The task:
Nothing but the lines from the first line of the entries through the line with "blk = doc.blocks.new('FP_40-Elevación Eje 2')" should appear in the answer, transcribed exactly and free of pictures.

Dataset entries:
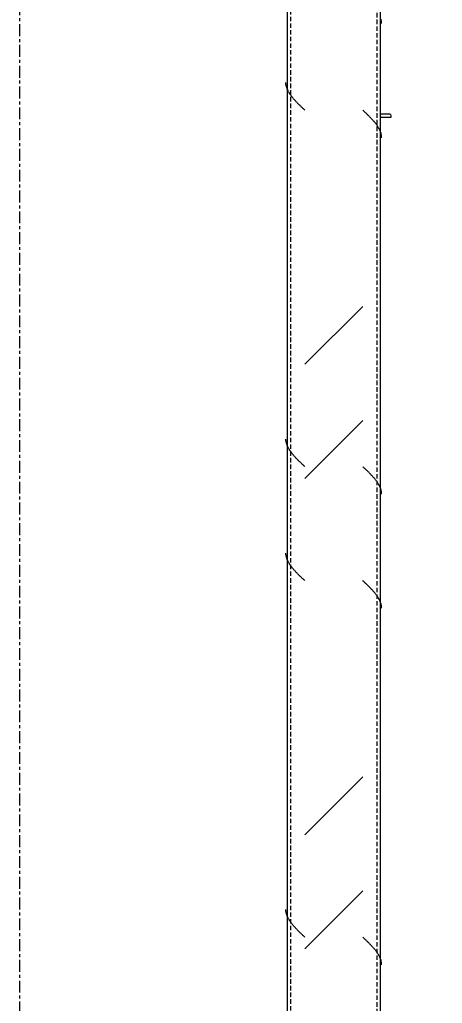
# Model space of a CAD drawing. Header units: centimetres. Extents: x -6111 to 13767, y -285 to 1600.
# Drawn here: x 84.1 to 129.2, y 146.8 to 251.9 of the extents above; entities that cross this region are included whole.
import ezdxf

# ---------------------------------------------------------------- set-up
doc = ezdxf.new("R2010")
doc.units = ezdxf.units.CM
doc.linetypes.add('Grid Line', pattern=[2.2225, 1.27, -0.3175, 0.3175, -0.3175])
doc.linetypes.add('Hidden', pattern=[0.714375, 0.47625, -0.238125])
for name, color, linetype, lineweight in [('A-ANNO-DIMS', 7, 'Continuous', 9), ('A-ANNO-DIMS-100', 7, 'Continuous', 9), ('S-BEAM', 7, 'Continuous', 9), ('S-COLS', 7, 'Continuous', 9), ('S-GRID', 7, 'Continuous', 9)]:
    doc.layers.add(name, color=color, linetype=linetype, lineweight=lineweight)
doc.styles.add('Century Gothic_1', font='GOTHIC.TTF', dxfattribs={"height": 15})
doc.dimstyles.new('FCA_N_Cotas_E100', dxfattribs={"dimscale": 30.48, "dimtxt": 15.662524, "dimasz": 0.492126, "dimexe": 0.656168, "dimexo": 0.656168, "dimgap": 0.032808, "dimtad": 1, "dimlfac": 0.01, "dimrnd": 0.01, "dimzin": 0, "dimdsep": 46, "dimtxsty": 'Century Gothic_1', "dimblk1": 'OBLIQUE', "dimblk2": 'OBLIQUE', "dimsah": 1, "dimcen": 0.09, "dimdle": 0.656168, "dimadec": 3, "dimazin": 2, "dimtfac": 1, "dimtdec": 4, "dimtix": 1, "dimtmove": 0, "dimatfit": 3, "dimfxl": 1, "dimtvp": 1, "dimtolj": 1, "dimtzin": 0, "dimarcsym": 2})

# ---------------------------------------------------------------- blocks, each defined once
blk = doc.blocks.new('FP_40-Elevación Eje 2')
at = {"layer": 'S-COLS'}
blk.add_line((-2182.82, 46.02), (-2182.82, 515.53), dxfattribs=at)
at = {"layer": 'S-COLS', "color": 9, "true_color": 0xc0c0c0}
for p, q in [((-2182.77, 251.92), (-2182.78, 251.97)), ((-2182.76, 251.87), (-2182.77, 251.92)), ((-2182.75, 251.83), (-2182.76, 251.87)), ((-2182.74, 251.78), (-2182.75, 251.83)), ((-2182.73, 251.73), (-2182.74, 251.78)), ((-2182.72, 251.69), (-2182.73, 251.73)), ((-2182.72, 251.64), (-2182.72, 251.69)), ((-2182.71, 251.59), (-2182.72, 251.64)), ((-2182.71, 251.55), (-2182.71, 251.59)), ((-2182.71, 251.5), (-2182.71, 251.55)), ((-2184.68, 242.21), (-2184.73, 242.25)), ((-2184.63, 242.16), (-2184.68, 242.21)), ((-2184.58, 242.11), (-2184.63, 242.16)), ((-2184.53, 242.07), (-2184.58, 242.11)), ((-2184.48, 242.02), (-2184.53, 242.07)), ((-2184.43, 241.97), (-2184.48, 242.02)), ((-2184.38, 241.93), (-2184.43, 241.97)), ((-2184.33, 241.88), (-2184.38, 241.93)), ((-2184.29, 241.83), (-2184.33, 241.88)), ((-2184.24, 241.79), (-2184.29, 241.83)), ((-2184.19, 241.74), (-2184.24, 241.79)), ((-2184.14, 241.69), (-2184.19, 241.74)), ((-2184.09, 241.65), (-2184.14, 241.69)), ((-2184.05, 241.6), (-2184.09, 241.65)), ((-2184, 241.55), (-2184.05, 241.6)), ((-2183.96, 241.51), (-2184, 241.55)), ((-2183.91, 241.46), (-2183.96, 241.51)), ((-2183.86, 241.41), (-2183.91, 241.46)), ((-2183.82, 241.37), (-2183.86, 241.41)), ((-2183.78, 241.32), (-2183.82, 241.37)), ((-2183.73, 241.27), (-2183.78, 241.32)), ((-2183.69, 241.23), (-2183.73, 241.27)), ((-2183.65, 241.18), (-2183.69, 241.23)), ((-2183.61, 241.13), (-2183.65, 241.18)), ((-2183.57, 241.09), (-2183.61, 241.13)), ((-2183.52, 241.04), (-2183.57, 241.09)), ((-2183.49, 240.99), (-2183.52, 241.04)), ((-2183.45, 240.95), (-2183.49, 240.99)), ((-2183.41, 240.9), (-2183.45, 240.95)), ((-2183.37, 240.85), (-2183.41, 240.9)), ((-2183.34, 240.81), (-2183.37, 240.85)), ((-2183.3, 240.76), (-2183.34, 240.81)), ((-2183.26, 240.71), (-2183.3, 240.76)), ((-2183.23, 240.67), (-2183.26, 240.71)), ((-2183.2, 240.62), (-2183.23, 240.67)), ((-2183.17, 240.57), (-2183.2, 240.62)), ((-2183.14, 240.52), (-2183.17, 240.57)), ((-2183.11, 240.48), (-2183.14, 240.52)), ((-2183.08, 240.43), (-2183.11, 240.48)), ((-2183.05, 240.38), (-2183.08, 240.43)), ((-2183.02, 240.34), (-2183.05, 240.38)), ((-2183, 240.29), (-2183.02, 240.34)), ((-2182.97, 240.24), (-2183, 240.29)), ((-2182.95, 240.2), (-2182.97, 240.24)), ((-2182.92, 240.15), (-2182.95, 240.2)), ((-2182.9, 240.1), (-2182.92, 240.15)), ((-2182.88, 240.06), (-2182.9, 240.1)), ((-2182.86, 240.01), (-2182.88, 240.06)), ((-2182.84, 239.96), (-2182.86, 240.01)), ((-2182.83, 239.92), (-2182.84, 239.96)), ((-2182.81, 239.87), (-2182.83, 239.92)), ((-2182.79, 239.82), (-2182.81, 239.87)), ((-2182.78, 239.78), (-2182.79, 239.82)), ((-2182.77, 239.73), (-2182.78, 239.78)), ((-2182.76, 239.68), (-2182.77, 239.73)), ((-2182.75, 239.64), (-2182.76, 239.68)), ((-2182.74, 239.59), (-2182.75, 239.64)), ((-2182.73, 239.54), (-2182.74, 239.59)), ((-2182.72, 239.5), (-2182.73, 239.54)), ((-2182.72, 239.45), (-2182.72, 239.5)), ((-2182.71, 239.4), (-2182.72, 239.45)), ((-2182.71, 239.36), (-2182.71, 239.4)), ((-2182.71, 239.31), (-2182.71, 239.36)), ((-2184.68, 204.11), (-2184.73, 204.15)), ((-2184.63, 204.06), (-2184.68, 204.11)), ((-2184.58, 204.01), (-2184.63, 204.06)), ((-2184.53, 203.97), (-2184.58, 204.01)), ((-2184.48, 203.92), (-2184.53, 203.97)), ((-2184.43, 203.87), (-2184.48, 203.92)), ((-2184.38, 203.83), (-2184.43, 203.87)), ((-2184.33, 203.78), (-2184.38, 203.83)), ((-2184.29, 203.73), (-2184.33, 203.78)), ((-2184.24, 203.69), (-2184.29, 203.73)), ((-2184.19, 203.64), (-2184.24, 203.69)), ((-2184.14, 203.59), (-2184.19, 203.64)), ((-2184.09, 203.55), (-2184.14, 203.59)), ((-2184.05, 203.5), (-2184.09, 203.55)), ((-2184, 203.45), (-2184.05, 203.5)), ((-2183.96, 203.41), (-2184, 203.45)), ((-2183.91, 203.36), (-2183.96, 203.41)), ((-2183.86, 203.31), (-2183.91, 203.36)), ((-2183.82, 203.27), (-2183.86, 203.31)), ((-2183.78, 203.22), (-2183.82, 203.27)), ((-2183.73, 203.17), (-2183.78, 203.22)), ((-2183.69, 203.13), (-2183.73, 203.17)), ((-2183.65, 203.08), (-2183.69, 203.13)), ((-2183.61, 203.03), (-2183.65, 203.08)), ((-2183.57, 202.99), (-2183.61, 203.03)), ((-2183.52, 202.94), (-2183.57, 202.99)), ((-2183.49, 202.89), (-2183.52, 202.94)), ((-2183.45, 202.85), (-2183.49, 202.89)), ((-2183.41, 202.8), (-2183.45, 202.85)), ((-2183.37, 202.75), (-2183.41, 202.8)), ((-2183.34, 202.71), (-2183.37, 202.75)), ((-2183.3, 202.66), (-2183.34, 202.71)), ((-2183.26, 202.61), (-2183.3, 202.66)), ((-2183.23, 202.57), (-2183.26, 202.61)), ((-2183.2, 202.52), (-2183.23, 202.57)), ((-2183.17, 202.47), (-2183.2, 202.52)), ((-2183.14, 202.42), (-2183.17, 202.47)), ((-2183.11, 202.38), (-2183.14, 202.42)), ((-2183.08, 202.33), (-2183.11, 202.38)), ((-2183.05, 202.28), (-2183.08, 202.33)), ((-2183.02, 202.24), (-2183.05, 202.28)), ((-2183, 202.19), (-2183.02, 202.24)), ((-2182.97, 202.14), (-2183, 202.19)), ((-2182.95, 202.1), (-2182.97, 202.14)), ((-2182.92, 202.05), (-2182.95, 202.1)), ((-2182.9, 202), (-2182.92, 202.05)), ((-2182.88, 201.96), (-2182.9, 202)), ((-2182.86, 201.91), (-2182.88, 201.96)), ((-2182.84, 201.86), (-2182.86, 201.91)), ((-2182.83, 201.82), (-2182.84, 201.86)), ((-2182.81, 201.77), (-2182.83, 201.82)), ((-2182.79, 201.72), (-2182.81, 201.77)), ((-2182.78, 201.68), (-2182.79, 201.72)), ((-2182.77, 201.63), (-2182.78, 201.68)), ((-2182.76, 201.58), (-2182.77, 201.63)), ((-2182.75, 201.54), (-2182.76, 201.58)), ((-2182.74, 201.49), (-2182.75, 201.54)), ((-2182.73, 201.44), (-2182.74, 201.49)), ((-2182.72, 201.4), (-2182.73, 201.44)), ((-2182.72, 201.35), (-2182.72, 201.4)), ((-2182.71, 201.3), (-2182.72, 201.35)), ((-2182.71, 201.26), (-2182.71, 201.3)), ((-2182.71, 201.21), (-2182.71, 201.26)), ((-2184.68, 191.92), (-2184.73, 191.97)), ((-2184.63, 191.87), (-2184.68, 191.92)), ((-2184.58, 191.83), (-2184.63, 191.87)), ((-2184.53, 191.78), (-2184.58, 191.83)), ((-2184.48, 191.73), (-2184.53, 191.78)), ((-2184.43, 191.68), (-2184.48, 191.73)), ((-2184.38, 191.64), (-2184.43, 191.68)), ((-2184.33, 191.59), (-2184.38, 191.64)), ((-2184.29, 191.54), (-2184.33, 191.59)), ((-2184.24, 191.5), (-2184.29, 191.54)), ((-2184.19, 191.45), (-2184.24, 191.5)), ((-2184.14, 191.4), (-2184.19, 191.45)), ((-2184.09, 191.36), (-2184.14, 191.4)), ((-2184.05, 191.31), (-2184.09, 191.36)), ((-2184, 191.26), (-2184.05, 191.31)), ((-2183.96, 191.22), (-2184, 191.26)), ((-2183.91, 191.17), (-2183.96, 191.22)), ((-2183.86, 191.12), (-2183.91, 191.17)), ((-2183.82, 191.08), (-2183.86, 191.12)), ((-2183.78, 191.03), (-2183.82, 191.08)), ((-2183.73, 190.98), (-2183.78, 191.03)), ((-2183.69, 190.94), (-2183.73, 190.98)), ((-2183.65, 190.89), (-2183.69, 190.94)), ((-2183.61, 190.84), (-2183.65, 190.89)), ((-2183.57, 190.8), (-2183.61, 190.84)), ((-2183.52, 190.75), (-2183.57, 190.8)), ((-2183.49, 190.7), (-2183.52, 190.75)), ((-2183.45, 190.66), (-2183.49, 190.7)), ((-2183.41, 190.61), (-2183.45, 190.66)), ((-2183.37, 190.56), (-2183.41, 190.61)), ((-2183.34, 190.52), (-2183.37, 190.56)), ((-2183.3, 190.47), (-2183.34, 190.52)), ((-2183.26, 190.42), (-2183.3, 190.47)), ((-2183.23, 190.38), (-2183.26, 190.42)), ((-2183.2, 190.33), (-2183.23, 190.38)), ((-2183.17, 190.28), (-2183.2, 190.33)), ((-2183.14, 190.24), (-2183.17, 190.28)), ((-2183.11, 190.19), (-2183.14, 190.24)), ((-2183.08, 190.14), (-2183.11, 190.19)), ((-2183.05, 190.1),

Task solution:
# Model space of a CAD drawing. Header units: centimetres. Extents: x -6111 to 13767, y -285 to 1600.
# Drawn here: x 84.1 to 129.2, y 146.8 to 251.9 of the extents above; entities that cross this region are included whole.
import ezdxf

# ---------------------------------------------------------------- set-up
doc = ezdxf.new("R2010")
doc.units = ezdxf.units.CM
doc.linetypes.add('Grid Line', pattern=[2.2225, 1.27, -0.3175, 0.3175, -0.3175])
doc.linetypes.add('Hidden', pattern=[0.714375, 0.47625, -0.238125])
for name, color, linetype, lineweight in [('A-ANNO-DIMS', 7, 'Continuous', 9), ('A-ANNO-DIMS-100', 7, 'Continuous', 9), ('S-BEAM', 7, 'Continuous', 9), ('S-COLS', 7, 'Continuous', 9), ('S-GRID', 7, 'Continuous', 9)]:
    doc.layers.add(name, color=color, linetype=linetype, lineweight=lineweight)
doc.styles.add('Century Gothic_1', font='GOTHIC.TTF', dxfattribs={"height": 15})
doc.dimstyles.new('FCA_N_Cotas_E100', dxfattribs={"dimscale": 30.48, "dimtxt": 15.662524, "dimasz": 0.492126, "dimexe": 0.656168, "dimexo": 0.656168, "dimgap": 0.032808, "dimtad": 1, "dimlfac": 0.01, "dimrnd": 0.01, "dimzin": 0, "dimdsep": 46, "dimtxsty": 'Century Gothic_1', "dimblk1": 'OBLIQUE', "dimblk2": 'OBLIQUE', "dimsah": 1, "dimcen": 0.09, "dimdle": 0.656168, "dimadec": 3, "dimazin": 2, "dimtfac": 1, "dimtdec": 4, "dimtix": 1, "dimtmove": 0, "dimatfit": 3, "dimfxl": 1, "dimtvp": 1, "dimtolj": 1, "dimtzin": 0, "dimarcsym": 2})

# ---------------------------------------------------------------- blocks, each defined once
blk = doc.blocks.new('FP_40-Elevación Eje 2')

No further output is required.